This blog has already broached the question of what causal role we ascribe to technology in historical events, particularly in recent revolutions and uprisings in Tunisia and now Egypt. Malcolm Gladwell recently asked whether the Egyptians need twitter to revolt (answer: No), reasserting his conviction from last fall that
‘high risk’ social activism requires deep roots and strong ties… surely the least interesting fact about them is that some of the protesters may (or may not) have at one point or another employed some of the tools of the new media to communicate with one another.

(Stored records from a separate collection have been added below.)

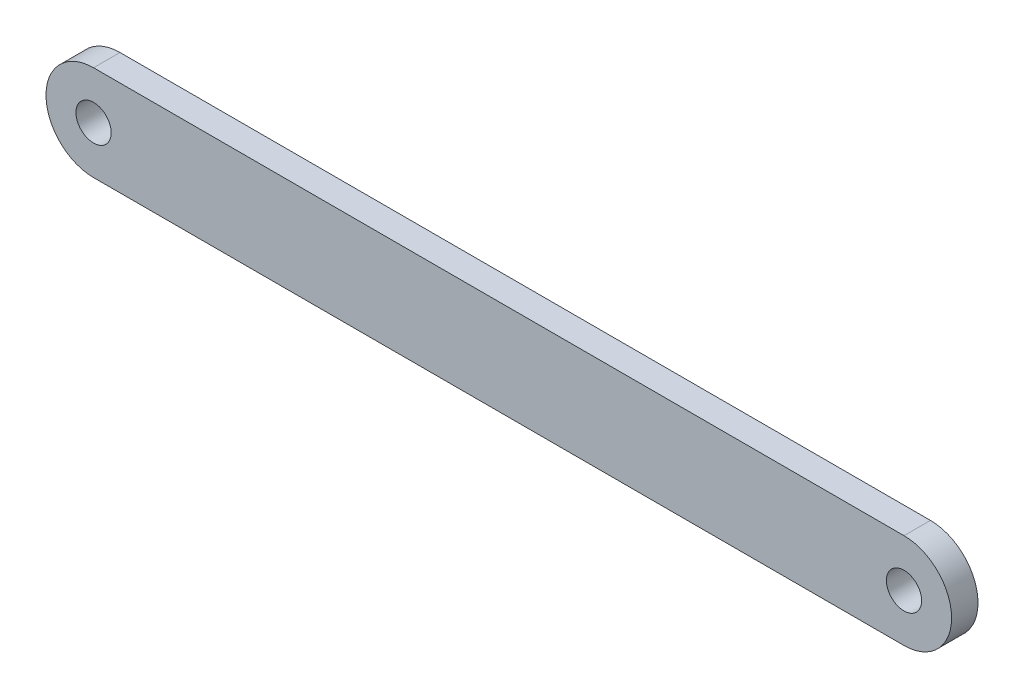
from build123d import *

# Parameters (mm, degrees)
SKETCH2_R           = 10
BOSS_EXTRUDE2_DEPTH = 15


with BuildPart() as part:
    # Sketch2 → Boss-Extrude2 (new body)
    with BuildSketch(Plane.XY):
        with BuildLine():
            Line((-230, 27), (230, 27))
            ThreePointArc((230, 27), (257, 0), (230, -27))
            Line((230, -27), (-230, -27))
            ThreePointArc((-230, -27), (-257, 0), (-230, 27))
        make_face()
        with Locations((-230, 0)):
            Circle(SKETCH2_R, mode=Mode.SUBTRACT)
        with Locations(Location((230, 0, 0), (0, 0, 180))):
            Circle(SKETCH2_R, mode=Mode.SUBTRACT)
    extrude(amount=-BOSS_EXTRUDE2_DEPTH)


solid = part.part

I’m not sure if I’d go that far. But what has felicitously fallen into my lap during my qualifying exams prep? An entire book devoted to the question of Control and Freedom Power and Paranoia in the Age of Fiber Optics by Wendy Hui Kyong Chun. While not explicitly focused on political uprisings, her opening paragraph goes:
We have lived, and still live in, exciting times, from the fall of the Berlin wall to the heady days of the dot-com era, from the events of September 11, 2001, to the ongoing turmoil in geopolitical relations. all these events have been linked to freedom: the triumph of the Free World, the free market, and the free circulation of information; threats to freedom from abroad, and the U.S. mission to spread democracy and freedom. All these events have also been linked to technology and networks: Eastern Europe’s collapse has been attributed to computer technology and broadcast/satellite television; terrorist networks turn everyday technologies like airplanes and cell phone into weapons; the U.S. military’s and intelligence agencies’ control and communications networks are without rival, if not without fault. But what does it mean to attribute such causality to technology and link freedom to what are essentially control technologies?
In my best grad student fashion, I’m going to pull two conclusions already from this paragraph: first that the idea of technology as politically transformative is an old story, a fact that itself makes the relationship between technology and political freedom quite interesting; and second that what may be uninteresting in all the recent analyses of the significance of the tweet is the superficiality of the analysis. “Did twitter cause the revolution?” is a silly question and provokes a yawn-fest of a debate. “What does it mean to attribute such causality to technology and link freedom to what are essentially control technologies?” That’s something to think about.
I’ll get back to you when I’ve read the book’s other 300 pages. Is it too much to hope that might happen in a few hours or so?